# What's wrong with my DNS zone file?



## ikevinjp (Jun 21, 2013)

I'm trying to set up a domain using PowerDNS within a FreeBSD jail. Everything is configured correctly. I even tested using `dig @69.60.111.133 myclientdomain.com` from my local machine and it worked. However, it does not get propagated to any name servers and it has been more than 24 hours - I think there is a problem and don't think it will work even after 48 or 72 hours. What's wrong with my named.conf or zone file?



```
# file /usr/local/etc/pdns/config/zones/named.conf

zone "myclientdomain.com" IN {
    type master;
    file "/usr/local/etc/pdns/config/zones/myclientdomain.com";
};
```


```
# /usr/local/etc/pdns/config/zones/myclientdomain.com

$ORIGIN myclientdomain.com.     
$TTL 1h
myclientdomain.com.            IN  SOA  ns1.myclientdomain.com. c14.myclientdomain.com. (
                      2013062001 
                      1d         
                      2h         
                      4w         
                      1h         
                      )
myclientdomain.com.            NS    ns1
myclientdomain.com.            NS    ns2
myclientdomain.com.            A     69.60.111.133
ns1                   A     69.60.111.133
ns2                   A     69.60.111.134
www                   CNAME myclientdomain.com.
secure                CNAME myclientdomain.com.
```


----------



## SirDice (Jun 21, 2013)

Did you actually register that domain with a registrar?


----------



## ikevinjp (Jun 21, 2013)

Yes, of course - the domain is registered. Due to some sensitivity for my client, I've changed the domain name to a generic name. The config files are exactly the same - except for the domain and IP - on the server. 

The child name servers have also been registered, and name servers are correctly pointed to them.

Kevin.


----------



## SirDice (Jun 21, 2013)

ikevinjp said:
			
		

> Yes, of course - the domain is registered.

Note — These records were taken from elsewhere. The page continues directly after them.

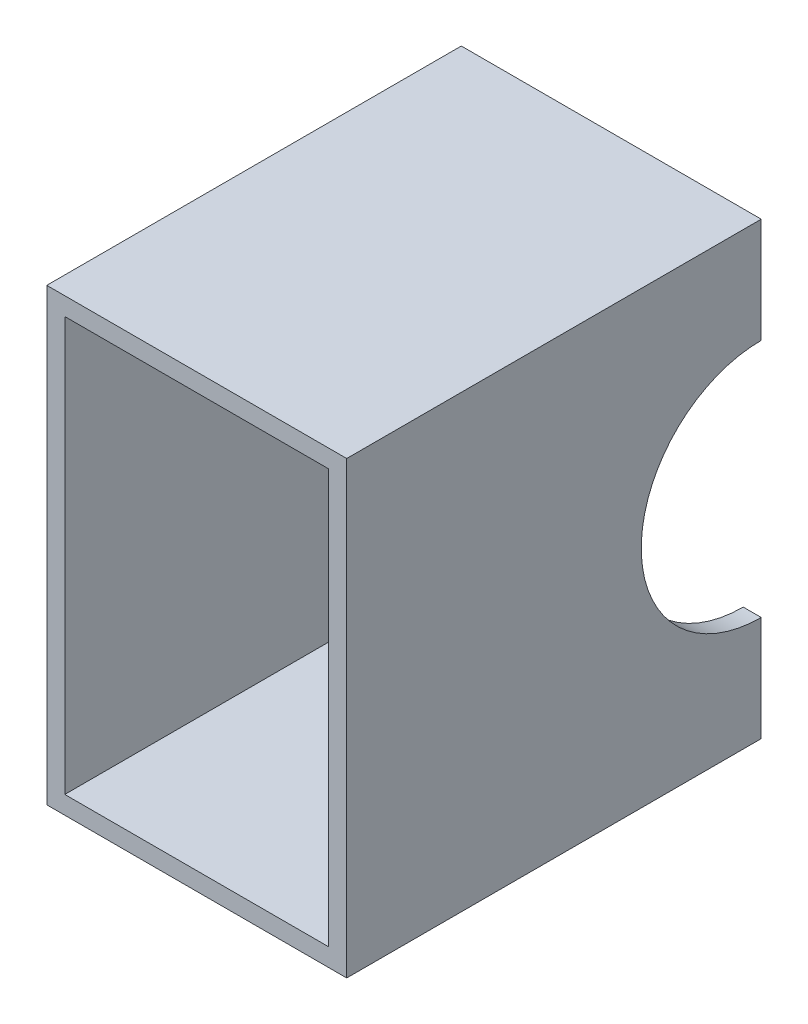
SolidWorks part; units mm, degrees
material "Plain Carbon Steel"
ref_plane "Front Plane" through (0, 0, 0) normal (0, 0, 1) x (1, 0, 0)
ref_plane "Top Plane" through (0, 0, 0) normal (0, 1, 0) x (1, 0, 0)
ref_plane "Right Plane" through (0, 0, 0) normal (1, 0, 0) x (0, 0, -1)
sketch "Sketch1" plane through (0, 0, 0) normal (0, 0, 1) x (1, 0, 0)
  line B0 (-50, -75) -> (50, -75)
  line B1 (-50, -75) -> (-50, 75)
  line B2 (50, -75) -> (50, 75)
  line B3 (-50, 75) -> (50, 75)
  line B4 (-44, -69) -> (44, -69)
  line B5 (-44, -69) -> (-44, 69)
  line B6 (44, -69) -> (44, 69)
  line B7 (-44, 69) -> (44, 69)
sketch_block_instance "15x10x6_profil-1"
sketch_block "15x10x6_profil" parameters "D1"=100, "D2"=150, "D3"=6, "D4"=6
extrude "Boss-Extrude1" add sketch "Sketch1" along normal blind 138.2023
sketch "Sketch2" plane through (0, 0, 0) normal (1, 0, 0) x (0, 0, -1)
  circle A0 centre (0, 0) radius 40
  dimension "D1" = 80
extrude "Cut-Extrude1" cut sketch "Sketch2" against normal through all and the other way through all
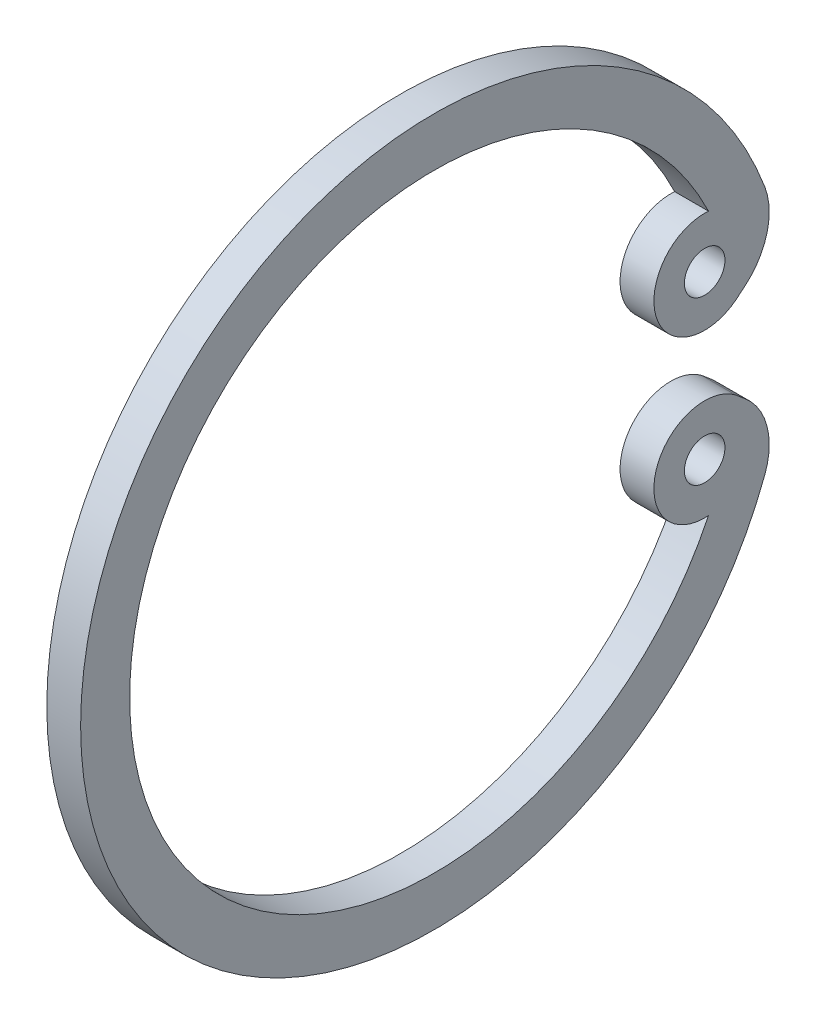
SolidWorks part; units mm, degrees
ref_plane "Front Plane" through (0, 0, 0) normal (0, 0, 1) x (1, 0, 0)
ref_plane "Top Plane" through (0, 0, 0) normal (0, 1, 0) x (1, 0, 0)
ref_plane "Right Plane" through (0, 0, 0) normal (1, 0, 0) x (0, 0, -1)
ref_plane "Plane1" through (19, 0, 0) normal (1, 0, 0) x (0, 0, -1)
sketch "Sketch1" plane through (19, 0, 0) normal (1, 0, 0) x (0, 0, -1)
  line L0 (-1.0829, 1.2142) -> (-0.8063, 1.4448)
  line L1 (-0.8063, -1.4451) -> (-1.0822, -1.2136)
  arc A0 (-1.8869, 3.8965) -> (-1.0829, 1.2142) centre (-2.0005, 2.4008) ccw
  arc A1 (-0.8063, 1.4448) -> (-0.2201, 3.6816) centre (-2.0918, 2.9769) ccw
  arc A2 (-0.2201, 3.6816) -> (-0.2201, -3.6818) centre (-9.9996, -0.0001) ccw
  arc A3 (-0.2201, -3.6818) -> (-0.8063, -1.4451) centre (-2.0918, -2.9772) ccw
  arc A4 (-1.0822, -1.2136) -> (-1.8869, -3.8967) centre (-2.0004, -2.4004) ccw
  arc A5 (-1.8869, -3.8967) -> (-1.8869, 3.8965) centre (-9.9996, -0.0001) cw
  circle A6 centre (-2, -2.4) radius 0.6
  circle A7 centre (-2, 2.4) radius 0.6
extrude "Boss-Extrude1" add sketch "Sketch1" against normal blind 1
scale "Scale1" scale about centroid uniform scaling yes scale factor 0.222222
scale "Scale2" scale about centroid uniform scaling yes scale factor 1.25
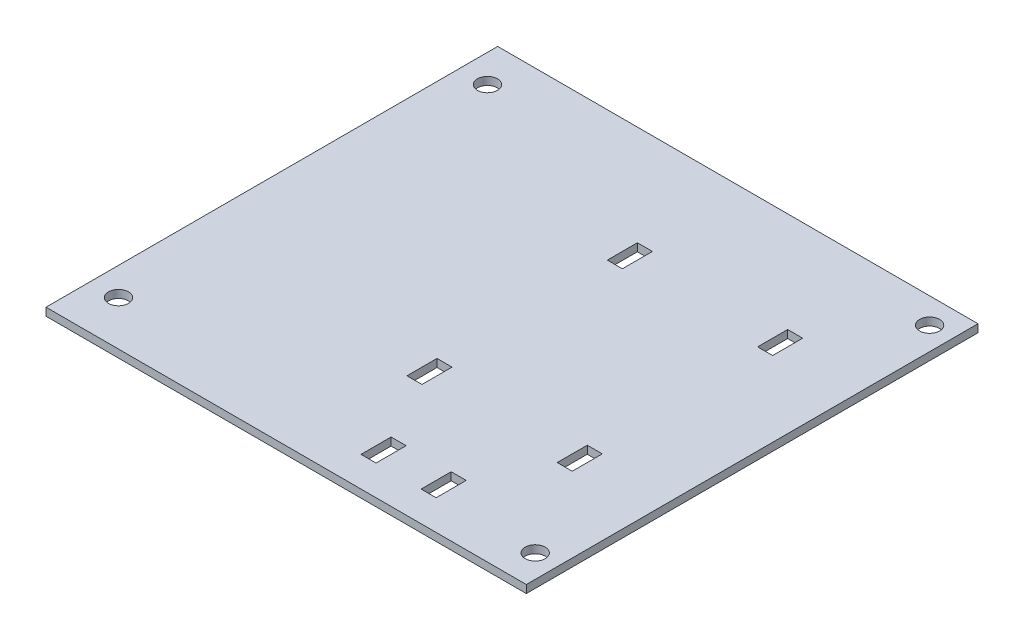
SolidWorks part; units mm, degrees
other "DetailItem3"
material "ABS"
ref_plane "Front Plane" through (0, 0, 0) normal (0, 0, 1) x (1, 0, 0)
ref_plane "Top Plane" through (0, 0, 0) normal (0, 1, 0) x (1, 0, 0)
ref_plane "Right Plane" through (0, 0, 0) normal (1, 0, 0) x (0, 0, -1)
sketch "Sketch1" plane through (0, 0, 0) normal (0, 1, 0) x (1, 0, 0)
  line L1 (-32.2441, 108.719) -> (64.6459, 108.719)
  line L2 (-32.2441, 108.719) -> (-32.2441, 18.549)
  line L3 (-32.2441, 18.549) -> (64.6459, 18.549)
  line L4 (64.6459, 108.719) -> (64.6459, 18.549)
  dimension "D1" = 96.89
  dimension "D2" = 90.17
extrude "PCB" add sketch "Sketch1" along normal blind 1.57
sketch "Sketch2" plane through (0, 1.57, 0) normal (0, 1, 0) x (1, 0, 0)
  line L0 (64.6459, 18.549) -> (64.6459, 108.719) construction
  line L1 (-32.2441, 18.549) -> (64.6459, 18.549) construction
  circle A0 centre (59.5659, 24.899) radius 2
  circle A1 centre (-26.1641, 27.439) radius 2
  circle A2 centre (-26.1641, 101.099) radius 2
  circle A3 centre (59.5659, 103.639) radius 2
  dimension "D3" = 4
  dimension "D6" = 4
  dimension "D11" = 4
  dimension "D12" = 4
  dimension "D1" = 5.08
  dimension "D2" = 6.35
  dimension "D4" = 90.81
  dimension "D5" = 8.89
  dimension "D7" = 90.81
  dimension "D8" = 5.08
  dimension "D9" = 85.09
  dimension "D10" = 82.55
extrude "M3 Mounting Holes" cut sketch "Sketch2" against normal blind 1.57
sketch "Sketch5" plane through (0, 1.57, 0) normal (0, 1, 0) x (1, 0, 0)
  line L0 (64.6459, 108.719) -> (-32.2441, 108.719) construction
  line L1 (-32.2441, 18.549) -> (-31.7441, 18.549)
  line L2 (-32.2441, 18.549) -> (-32.2441, 108.719)
  line L3 (-32.2441, 108.719) -> (-31.7441, 108.719)
  line L4 (-31.7441, 18.549) -> (-31.7441, 108.719)
  line L5 (-32.2441, 18.549) -> (64.6459, 18.549) construction
  line L6 (64.6459, 108.719) -> (64.1459, 108.719)
  line L7 (64.6459, 108.719) -> (64.6459, 18.549)
  line L8 (64.6459, 18.549) -> (64.1459, 18.549)
  line L9 (64.1459, 108.719) -> (64.1459, 18.549)
  dimension "D1" = 0.5
  dimension "D2" = 0.5
extrude "Cut-Extrude1" cut sketch "Sketch5" against normal through all
sketch "Sketch6" plane through (0, 1.57, 0) normal (0, 1, 0) x (1, 0, 0)
  line L1 (16.1459, 88.719) -> (19.1459, 88.719)
  line L2 (16.1459, 88.719) -> (16.1459, 82.719)
  line L3 (16.1459, 82.719) -> (19.1459, 82.719)
  line L4 (19.1459, 88.719) -> (19.1459, 82.719)
  line L5 (46.1459, 88.719) -> (49.1459, 88.719)
  line L6 (46.1459, 88.719) -> (46.1459, 82.719)
  line L7 (46.1459, 82.719) -> (49.1459, 82.719)
  line L8 (49.1459, 88.719) -> (49.1459, 82.719)
  line L9 (16.1459, 48.719) -> (19.1459, 48.719)
  line L10 (16.1459, 48.719) -> (16.1459, 42.719)
  line L11 (16.1459, 42.719) -> (19.1459, 42.719)
  line L12 (19.1459, 48.719) -> (19.1459, 42.719)
  line L13 (46.1459, 48.719) -> (49.1459, 48.719)
  line L14 (46.1459, 48.719) -> (46.1459, 42.719)
  line L15 (46.1459, 42.719) -> (49.1459, 42.719)
  line L16 (49.1459, 48.719) -> (49.1459, 42.719)
  line L17 (64.1459, 108.719) -> (-31.7441, 108.719) construction
  line L18 (64.1459, 108.719) -> (64.1459, 18.549) construction
  line L19 (-31.7441, 18.549) -> (64.1459, 18.549) construction
  line L20 (25.1459, 30.549) -> (28.1459, 30.549)
  line L21 (25.1459, 30.549) -> (25.1459, 24.549)
  line L22 (25.1459, 24.549) -> (28.1459, 24.549)
  line L23 (28.1459, 30.549) -> (28.1459, 24.549)
  line L24 (37.1459, 30.549) -> (40.1459, 30.549)
  line L25 (37.1459, 30.549) -> (37.1459, 24.549)
  line L26 (37.1459, 24.549) -> (40.1459, 24.549)
  line L27 (40.1459, 30.549) -> (40.1459, 24.549)
  dimension "D1" = 3
  dimension "D2" = 6
  dimension "D3" = 6
  dimension "D4" = 3
  dimension "D5" = 20
  dimension "D6" = 20
  dimension "D7" = 27
  dimension "D8" = 15
  dimension "D9" = 6
  dimension "D10" = 6
  dimension "D11" = 3
  dimension "D12" = 3
  dimension "D13" = 15
  dimension "D14" = 27
  dimension "D15" = 40
  dimension "D16" = 40
  dimension "D17" = 3
  dimension "D18" = 6
  dimension "D19" = 6
  dimension "D20" = 3
  dimension "D21" = 6
  dimension "D22" = 6
  dimension "D23" = 6
  dimension "D24" = 6
extrude "ZipTie Holds" cut sketch "Sketch6" against normal blind 10
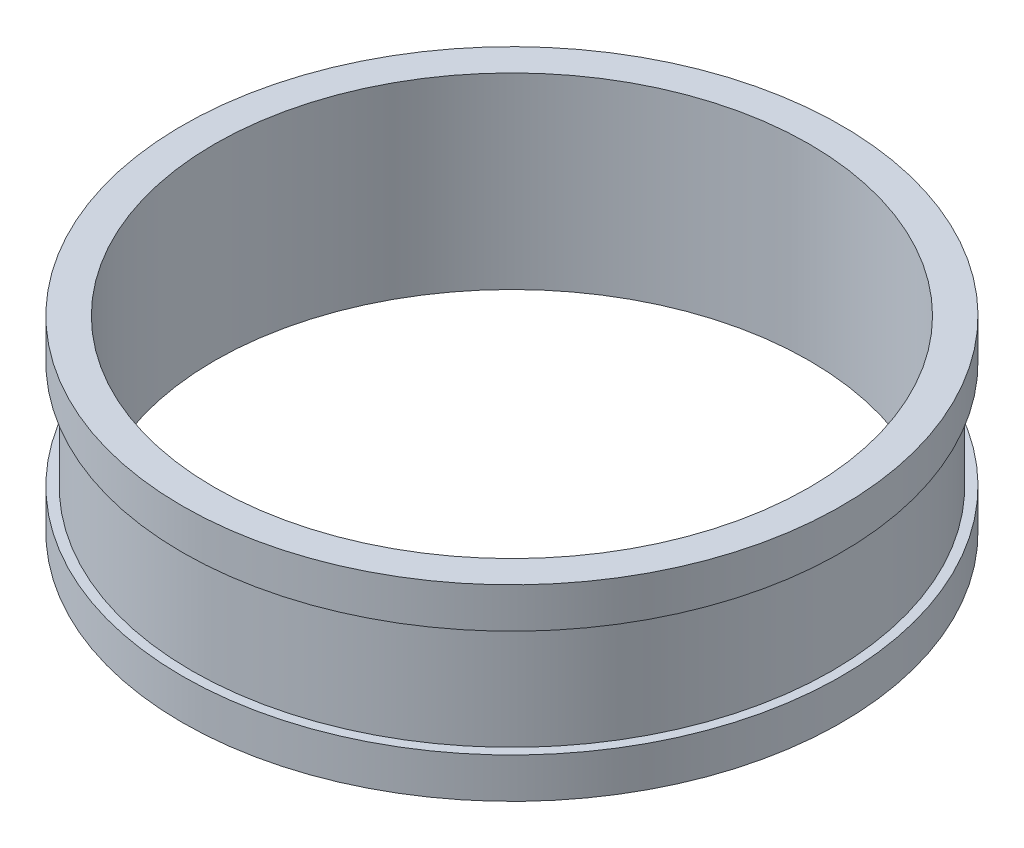
SolidWorks part; units mm, degrees
ref_plane "Front Plane" through (0, 0, 0) normal (0, 0, 1) x (1, 0, 0)
ref_plane "Top Plane" through (0, 0, 0) normal (0, 1, 0) x (1, 0, 0)
ref_plane "Right Plane" through (0, 0, 0) normal (1, 0, 0) x (0, 0, -1)
sketch "Sketch1" plane through (0, 0, 0) normal (0, 1, 0) x (1, 0, 0)
  circle A0 centre (0, 0) radius 11.1
  circle A1 centre (0, 0) radius 12.3
  dimension "D1" = 22.2
  dimension "D2" = 1.2
extrude "Boss-Extrude1" add sketch "Sketch1" along normal blind 7
ref_axis "Axis1" through (0, 7, 0) along (0, -1, 0)
sketch "Sketch2" plane through (0, 0, 0) normal (0, 0, 1) x (1, 0, 0)
  line L0 (-12.3, 7) -> (-12.3, 0) construction
  line L1 (-12.3, 5.5) -> (-11.95, 5.5)
  line L2 (-12.3, 5.5) -> (-12.3, 1.5)
  line L3 (-12.3, 1.5) -> (-11.95, 1.5)
  line L4 (-11.95, 5.5) -> (-11.95, 1.5)
  line L5 (12.3, 7) -> (-12.3, 7) construction
  point P6 (-12.3, 3.5)
  point P7 (-11.95, 3.5)
  dimension "D1" = 4
  dimension "D2" = 0.35
  dimension "D3" = 1.5
revolve "Cut-Revolve1" cut sketch "Sketch2" angle 360 about axis through (0, 7, 0) along (0, -1, 0)

Registering may not be obvious to everyone  



> The child name servers have also been registered, and name servers are correctly pointed to them.


At first glance I don't see anything wrong with them.


----------



## fonz (Jun 21, 2013)

Is your jail accessible from the outside world in the first place?
Your registrar must announce your nameservers upstream to the rest of the world. Have they done that?
There are several online DNS checkers on the web (e.g. DNSsy, but there are many more). Try some of those and see what diagnostics they come up with.
My NS records look different:

```
IN NS    ns.somedomain.com.
```
instead of

```
myclientdomain.com.            NS    ns1
```
This might just be a difference between the base system's BIND and the PowerDNS you are using and I have no experience with the latter, but I figured I'd point it out anyway.
Likewise, many records are lacking IN, but I'm not sure how crucial that is.
Your zone file lacks any MX records. That's probably not fatal either, but it is generally considered an error.


----------



## ShelLuser (Jun 21, 2013)

The most important thing to check are your logfiles as well as the so called "whois database". When you check the whois database, does it actually list your own DNS servers? Because that's where it all starts. As to your logfiles; do those list anything regarding zone transfers or actual requests being done?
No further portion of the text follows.